Pero el que reaccionemos o no va a depender de otras circunstancias de la vida muy complejas que incluyen desde el ambiente en el que vivimos, al tipo de cultura que tenemos, las escuelas a las que vamos y los maestros que tenemos, la familia y los padres que nos han tocado, los amigos que hacemos…. Cómo sintamos el odio o no, la vergüenza o no... vienen determinadas por la cultura y las influencias que vivamos.
—La envidia del que se sienta a tu lado... ¿puede ser buena, como se dice algunas veces, o siempre es negativa?

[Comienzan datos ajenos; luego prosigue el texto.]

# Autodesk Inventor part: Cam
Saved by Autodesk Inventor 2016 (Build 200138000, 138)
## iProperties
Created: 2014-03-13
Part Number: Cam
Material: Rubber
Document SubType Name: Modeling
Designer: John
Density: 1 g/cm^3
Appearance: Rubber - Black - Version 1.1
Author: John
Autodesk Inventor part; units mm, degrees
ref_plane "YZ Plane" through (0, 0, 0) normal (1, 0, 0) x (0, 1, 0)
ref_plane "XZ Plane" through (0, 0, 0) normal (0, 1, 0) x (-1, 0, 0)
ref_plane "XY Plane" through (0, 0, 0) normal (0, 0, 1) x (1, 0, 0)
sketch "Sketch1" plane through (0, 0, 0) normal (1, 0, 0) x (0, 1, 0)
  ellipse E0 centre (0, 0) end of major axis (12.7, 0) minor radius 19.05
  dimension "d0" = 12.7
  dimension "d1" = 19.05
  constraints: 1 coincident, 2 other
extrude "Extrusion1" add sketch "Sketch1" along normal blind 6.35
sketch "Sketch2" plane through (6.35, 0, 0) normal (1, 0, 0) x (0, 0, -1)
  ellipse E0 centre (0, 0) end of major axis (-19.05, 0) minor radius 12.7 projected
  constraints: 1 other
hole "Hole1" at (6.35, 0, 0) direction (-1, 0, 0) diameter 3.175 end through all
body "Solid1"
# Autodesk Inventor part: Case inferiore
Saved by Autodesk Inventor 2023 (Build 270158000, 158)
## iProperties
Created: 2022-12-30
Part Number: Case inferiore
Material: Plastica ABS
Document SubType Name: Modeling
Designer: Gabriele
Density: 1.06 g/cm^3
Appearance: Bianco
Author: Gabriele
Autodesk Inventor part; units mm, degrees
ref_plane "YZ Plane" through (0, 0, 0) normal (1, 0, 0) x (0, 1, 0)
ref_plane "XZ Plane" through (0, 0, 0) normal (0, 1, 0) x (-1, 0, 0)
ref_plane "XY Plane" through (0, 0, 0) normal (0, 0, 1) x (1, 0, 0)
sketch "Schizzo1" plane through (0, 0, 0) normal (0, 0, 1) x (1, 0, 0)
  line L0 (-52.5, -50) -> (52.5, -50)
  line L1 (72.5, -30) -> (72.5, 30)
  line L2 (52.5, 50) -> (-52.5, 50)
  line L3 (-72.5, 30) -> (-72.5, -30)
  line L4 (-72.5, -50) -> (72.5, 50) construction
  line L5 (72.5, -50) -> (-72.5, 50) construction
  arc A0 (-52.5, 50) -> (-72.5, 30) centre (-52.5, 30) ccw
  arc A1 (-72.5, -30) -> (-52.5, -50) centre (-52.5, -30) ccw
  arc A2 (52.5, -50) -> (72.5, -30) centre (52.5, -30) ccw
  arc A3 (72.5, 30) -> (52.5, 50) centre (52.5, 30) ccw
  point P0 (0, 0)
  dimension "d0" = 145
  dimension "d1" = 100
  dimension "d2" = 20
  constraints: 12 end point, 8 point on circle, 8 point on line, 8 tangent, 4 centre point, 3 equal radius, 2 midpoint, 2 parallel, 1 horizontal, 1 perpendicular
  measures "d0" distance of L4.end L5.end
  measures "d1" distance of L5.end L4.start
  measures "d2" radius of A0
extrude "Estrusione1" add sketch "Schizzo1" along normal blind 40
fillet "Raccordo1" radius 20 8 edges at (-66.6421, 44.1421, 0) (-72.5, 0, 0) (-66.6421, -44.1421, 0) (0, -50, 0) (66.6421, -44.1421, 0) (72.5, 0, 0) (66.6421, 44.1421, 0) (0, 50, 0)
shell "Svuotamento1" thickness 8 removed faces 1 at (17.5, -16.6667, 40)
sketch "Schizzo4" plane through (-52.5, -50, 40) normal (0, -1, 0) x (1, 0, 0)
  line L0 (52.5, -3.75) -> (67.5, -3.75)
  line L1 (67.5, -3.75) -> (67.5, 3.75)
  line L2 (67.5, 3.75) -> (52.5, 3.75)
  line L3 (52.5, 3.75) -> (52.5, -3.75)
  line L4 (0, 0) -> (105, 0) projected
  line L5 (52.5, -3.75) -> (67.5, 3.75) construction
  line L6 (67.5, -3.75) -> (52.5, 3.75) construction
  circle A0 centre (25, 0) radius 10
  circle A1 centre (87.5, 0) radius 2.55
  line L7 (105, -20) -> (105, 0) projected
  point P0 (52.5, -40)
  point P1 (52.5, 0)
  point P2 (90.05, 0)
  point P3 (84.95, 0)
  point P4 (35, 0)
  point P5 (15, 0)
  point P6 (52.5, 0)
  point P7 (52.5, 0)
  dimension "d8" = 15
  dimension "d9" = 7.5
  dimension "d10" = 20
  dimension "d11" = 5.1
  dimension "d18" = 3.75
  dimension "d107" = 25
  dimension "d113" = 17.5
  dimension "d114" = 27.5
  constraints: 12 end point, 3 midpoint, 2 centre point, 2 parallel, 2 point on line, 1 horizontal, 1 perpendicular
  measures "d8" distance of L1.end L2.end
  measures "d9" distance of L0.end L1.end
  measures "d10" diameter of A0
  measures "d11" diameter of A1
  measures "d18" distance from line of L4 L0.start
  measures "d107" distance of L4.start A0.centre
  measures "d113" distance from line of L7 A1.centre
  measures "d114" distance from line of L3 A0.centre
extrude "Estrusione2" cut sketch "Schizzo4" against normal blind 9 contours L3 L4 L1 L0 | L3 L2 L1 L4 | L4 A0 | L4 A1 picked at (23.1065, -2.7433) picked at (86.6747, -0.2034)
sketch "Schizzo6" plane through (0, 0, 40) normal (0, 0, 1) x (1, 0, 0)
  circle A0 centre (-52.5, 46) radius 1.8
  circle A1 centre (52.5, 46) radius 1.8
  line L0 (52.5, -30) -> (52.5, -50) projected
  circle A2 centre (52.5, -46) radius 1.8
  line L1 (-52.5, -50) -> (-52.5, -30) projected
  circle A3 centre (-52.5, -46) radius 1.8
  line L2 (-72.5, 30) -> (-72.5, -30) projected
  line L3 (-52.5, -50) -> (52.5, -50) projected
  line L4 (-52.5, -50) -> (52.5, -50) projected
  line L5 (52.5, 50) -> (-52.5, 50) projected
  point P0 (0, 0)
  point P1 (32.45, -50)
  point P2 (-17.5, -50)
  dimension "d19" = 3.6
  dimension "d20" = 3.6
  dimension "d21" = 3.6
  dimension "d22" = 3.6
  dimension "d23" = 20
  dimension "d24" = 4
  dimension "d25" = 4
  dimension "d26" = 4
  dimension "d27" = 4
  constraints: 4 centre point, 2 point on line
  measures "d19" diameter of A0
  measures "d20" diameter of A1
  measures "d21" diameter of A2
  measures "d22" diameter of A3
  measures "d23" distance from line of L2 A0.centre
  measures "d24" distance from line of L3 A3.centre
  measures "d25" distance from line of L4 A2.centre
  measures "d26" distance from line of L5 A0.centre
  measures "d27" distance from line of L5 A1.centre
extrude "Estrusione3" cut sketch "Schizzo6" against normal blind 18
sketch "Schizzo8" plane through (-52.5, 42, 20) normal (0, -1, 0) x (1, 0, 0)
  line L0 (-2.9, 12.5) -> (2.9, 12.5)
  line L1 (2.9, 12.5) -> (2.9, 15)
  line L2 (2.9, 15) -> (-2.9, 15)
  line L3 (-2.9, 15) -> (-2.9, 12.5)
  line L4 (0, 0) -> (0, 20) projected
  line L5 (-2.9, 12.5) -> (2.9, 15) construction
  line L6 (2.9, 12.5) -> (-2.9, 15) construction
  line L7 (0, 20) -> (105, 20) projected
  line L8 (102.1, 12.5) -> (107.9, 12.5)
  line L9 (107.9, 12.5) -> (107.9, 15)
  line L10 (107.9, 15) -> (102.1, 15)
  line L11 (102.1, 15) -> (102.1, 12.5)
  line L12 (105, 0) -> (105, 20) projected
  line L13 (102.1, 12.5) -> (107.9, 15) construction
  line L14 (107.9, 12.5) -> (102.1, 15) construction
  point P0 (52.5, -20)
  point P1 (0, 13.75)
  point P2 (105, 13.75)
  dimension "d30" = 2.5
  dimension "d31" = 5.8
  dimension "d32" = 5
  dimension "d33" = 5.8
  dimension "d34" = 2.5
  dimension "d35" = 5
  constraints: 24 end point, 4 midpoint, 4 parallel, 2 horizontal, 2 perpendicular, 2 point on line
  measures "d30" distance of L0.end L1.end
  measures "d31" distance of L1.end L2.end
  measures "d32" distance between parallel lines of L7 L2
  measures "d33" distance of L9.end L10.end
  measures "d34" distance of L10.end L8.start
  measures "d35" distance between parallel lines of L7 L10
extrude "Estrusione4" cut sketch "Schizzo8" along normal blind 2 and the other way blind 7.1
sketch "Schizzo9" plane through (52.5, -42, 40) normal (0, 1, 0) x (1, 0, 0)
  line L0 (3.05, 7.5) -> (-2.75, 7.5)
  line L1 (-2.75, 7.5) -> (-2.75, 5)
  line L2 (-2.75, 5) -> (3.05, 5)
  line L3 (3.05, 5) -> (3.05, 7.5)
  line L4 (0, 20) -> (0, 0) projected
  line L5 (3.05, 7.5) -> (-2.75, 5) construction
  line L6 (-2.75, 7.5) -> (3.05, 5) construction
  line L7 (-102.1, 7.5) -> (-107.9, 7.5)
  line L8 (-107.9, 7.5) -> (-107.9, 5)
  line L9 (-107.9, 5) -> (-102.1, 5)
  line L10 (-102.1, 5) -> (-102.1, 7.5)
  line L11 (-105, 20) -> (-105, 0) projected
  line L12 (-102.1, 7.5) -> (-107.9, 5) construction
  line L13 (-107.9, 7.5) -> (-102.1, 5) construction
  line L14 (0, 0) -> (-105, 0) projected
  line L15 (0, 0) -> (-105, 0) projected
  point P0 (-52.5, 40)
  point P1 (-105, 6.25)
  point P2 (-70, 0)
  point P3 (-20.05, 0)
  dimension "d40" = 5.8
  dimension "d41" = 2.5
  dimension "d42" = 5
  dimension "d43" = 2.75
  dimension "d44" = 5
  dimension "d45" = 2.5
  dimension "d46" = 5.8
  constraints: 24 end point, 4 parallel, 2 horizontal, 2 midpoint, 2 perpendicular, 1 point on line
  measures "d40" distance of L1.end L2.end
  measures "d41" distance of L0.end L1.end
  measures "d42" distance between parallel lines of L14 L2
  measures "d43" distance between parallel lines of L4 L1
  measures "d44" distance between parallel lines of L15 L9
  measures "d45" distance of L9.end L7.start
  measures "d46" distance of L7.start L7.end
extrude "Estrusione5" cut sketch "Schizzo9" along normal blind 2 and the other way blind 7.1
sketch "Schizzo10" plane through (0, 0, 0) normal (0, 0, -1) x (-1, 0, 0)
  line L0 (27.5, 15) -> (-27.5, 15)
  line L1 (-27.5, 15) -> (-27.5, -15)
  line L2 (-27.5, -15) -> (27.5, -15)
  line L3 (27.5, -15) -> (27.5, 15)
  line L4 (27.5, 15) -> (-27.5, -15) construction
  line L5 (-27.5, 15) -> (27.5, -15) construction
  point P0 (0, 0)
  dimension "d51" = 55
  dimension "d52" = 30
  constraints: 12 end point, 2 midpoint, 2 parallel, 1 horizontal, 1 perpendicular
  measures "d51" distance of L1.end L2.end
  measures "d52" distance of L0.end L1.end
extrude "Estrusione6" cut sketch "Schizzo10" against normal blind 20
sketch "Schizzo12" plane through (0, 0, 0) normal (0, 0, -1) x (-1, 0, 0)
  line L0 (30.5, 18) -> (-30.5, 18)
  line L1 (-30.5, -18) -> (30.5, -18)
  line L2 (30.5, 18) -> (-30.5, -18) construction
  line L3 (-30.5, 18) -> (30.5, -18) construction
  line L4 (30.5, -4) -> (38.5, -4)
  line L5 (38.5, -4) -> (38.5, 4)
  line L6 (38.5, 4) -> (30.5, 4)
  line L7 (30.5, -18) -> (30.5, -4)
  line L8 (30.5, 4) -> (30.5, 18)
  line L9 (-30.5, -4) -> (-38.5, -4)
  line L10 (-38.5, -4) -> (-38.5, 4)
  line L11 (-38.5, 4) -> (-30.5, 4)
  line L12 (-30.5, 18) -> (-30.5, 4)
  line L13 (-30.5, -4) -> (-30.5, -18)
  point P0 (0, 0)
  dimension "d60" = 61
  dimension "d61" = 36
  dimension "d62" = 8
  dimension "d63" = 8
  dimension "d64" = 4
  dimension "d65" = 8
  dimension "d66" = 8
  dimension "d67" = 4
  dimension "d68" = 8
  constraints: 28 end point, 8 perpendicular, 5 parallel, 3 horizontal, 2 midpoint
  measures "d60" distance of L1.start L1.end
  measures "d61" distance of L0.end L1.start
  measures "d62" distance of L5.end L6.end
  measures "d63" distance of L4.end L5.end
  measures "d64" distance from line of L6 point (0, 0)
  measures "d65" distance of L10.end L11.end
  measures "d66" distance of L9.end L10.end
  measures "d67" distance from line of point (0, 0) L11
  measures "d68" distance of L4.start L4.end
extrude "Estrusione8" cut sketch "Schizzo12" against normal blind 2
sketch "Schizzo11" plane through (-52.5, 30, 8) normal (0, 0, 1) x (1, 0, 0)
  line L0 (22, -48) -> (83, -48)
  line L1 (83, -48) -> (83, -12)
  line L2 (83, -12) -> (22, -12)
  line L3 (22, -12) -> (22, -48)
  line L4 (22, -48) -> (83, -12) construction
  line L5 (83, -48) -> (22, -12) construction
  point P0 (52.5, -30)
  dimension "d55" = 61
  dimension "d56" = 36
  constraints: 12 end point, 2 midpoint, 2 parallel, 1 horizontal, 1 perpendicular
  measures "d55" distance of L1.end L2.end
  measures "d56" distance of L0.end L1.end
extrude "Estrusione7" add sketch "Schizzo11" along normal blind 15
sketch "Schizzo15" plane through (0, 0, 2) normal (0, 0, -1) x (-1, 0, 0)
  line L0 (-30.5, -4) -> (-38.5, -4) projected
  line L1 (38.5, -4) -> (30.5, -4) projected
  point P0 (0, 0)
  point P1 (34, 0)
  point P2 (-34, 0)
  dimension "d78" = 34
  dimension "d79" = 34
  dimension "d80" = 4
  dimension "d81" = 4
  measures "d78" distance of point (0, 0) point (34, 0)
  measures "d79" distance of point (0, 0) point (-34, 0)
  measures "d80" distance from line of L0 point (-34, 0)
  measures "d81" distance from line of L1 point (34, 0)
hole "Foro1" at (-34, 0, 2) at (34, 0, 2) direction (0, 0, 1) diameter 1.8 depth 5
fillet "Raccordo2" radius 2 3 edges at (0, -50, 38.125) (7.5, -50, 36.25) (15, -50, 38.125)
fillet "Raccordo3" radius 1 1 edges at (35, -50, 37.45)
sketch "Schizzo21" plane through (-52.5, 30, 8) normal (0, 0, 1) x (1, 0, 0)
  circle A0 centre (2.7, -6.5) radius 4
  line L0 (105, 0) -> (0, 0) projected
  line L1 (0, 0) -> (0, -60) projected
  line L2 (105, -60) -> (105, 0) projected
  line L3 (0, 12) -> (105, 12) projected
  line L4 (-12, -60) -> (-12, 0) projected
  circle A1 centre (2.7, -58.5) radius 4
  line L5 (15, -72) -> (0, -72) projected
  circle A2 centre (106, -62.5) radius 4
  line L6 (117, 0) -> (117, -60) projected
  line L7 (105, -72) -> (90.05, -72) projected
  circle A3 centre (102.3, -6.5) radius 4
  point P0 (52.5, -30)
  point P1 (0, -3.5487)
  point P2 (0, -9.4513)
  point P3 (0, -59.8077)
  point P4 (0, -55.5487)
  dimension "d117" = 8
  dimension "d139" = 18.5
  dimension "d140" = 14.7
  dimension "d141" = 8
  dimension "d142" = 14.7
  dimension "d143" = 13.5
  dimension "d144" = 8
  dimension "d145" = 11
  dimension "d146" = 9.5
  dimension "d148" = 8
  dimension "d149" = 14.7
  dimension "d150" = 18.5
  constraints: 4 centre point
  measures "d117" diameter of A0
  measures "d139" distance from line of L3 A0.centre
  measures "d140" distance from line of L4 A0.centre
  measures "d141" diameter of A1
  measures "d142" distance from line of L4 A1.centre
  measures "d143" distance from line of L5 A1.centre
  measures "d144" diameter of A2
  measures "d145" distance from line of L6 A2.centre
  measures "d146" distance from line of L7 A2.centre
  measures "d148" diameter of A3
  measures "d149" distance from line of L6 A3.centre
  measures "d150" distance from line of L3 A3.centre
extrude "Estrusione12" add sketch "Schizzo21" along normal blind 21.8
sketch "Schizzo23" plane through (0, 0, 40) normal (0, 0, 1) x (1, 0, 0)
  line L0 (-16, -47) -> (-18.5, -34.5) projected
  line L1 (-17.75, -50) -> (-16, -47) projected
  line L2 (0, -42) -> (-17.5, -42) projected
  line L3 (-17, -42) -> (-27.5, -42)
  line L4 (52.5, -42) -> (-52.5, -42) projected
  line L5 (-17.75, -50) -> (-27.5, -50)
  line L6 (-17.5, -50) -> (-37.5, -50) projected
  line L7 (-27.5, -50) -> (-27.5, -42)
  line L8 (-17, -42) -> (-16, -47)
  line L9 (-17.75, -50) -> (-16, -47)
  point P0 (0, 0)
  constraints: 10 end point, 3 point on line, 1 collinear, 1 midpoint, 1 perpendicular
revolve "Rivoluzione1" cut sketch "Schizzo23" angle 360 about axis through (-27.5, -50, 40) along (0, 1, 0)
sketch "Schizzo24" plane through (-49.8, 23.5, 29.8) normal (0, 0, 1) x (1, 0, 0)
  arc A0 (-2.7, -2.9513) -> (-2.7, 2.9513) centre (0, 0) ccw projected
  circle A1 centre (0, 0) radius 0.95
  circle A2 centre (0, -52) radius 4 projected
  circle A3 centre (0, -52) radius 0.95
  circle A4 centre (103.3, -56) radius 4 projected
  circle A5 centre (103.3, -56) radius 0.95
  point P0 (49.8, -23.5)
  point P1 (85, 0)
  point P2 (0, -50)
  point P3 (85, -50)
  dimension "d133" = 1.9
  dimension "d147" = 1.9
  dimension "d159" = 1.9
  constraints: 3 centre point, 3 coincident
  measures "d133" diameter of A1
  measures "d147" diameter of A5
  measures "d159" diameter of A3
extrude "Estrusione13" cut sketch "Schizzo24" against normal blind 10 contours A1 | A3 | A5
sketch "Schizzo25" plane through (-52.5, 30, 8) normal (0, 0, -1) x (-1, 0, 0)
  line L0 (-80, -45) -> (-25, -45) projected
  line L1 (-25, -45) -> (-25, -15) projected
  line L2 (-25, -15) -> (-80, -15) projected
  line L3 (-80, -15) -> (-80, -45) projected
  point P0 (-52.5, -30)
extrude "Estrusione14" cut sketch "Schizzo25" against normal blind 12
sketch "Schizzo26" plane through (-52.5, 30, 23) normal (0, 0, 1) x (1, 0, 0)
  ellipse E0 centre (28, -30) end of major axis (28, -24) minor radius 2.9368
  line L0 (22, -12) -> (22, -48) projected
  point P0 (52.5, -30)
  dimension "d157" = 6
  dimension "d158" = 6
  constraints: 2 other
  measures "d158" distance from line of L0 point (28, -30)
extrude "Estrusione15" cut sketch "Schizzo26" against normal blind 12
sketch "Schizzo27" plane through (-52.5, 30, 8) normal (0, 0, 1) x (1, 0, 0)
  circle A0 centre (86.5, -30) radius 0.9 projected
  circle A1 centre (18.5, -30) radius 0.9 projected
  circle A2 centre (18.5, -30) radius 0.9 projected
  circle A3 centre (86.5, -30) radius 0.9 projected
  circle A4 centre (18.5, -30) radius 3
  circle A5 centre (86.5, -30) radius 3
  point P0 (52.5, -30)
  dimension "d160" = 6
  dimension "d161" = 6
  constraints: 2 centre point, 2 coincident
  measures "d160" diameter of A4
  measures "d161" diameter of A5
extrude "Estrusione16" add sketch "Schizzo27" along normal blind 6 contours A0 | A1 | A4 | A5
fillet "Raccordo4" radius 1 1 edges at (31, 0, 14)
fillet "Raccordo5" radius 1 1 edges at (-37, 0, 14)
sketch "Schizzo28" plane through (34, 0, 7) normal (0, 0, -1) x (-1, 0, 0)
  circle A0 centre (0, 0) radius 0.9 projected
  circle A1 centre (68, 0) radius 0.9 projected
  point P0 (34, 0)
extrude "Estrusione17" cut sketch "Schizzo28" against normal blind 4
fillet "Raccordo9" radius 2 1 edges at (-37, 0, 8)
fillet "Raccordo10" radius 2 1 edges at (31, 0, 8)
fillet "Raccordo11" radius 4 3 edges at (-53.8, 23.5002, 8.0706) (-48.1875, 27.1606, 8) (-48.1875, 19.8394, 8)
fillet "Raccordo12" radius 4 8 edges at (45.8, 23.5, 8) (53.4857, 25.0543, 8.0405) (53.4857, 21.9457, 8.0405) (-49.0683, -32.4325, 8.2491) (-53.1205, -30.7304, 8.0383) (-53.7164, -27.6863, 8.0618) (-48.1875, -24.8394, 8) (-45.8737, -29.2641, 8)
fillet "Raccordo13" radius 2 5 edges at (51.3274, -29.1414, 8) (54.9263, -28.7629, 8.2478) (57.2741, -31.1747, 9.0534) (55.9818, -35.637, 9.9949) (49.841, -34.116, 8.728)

—Para empezar, no todo el mundo es igual de propenso a envidiar al vecino. Depende. Y desear lo que tienen los demás es algo natural y a veces, hasta sano. Es más, si te alegras de que el otro tenga ciertos beneficios, eso es lo que llamamos sana envidia, o envidia benigna, que solemos decir. En cambio la envidia maligna, la verdadera, la que nos hace sufrir y nos quema por dentro, no resulta de desear lo que tiene el prójimo. Es el deseo de que el otro, el envidiado, no tenga lo que tiene, de que no sea verdad que lo tenga, de que no sea cierto su éxito o no sea tanta como parece su riqueza o aquello en lo que le va bien la vida. Esa envidia funciona además como un espejo, donde el envidioso ve reflejadas sus propias incompetencias y frustraciones. Precisamente por eso la envidia de verdad casi nunca se declara. Esa envidia se lleva por dentro, en silencio.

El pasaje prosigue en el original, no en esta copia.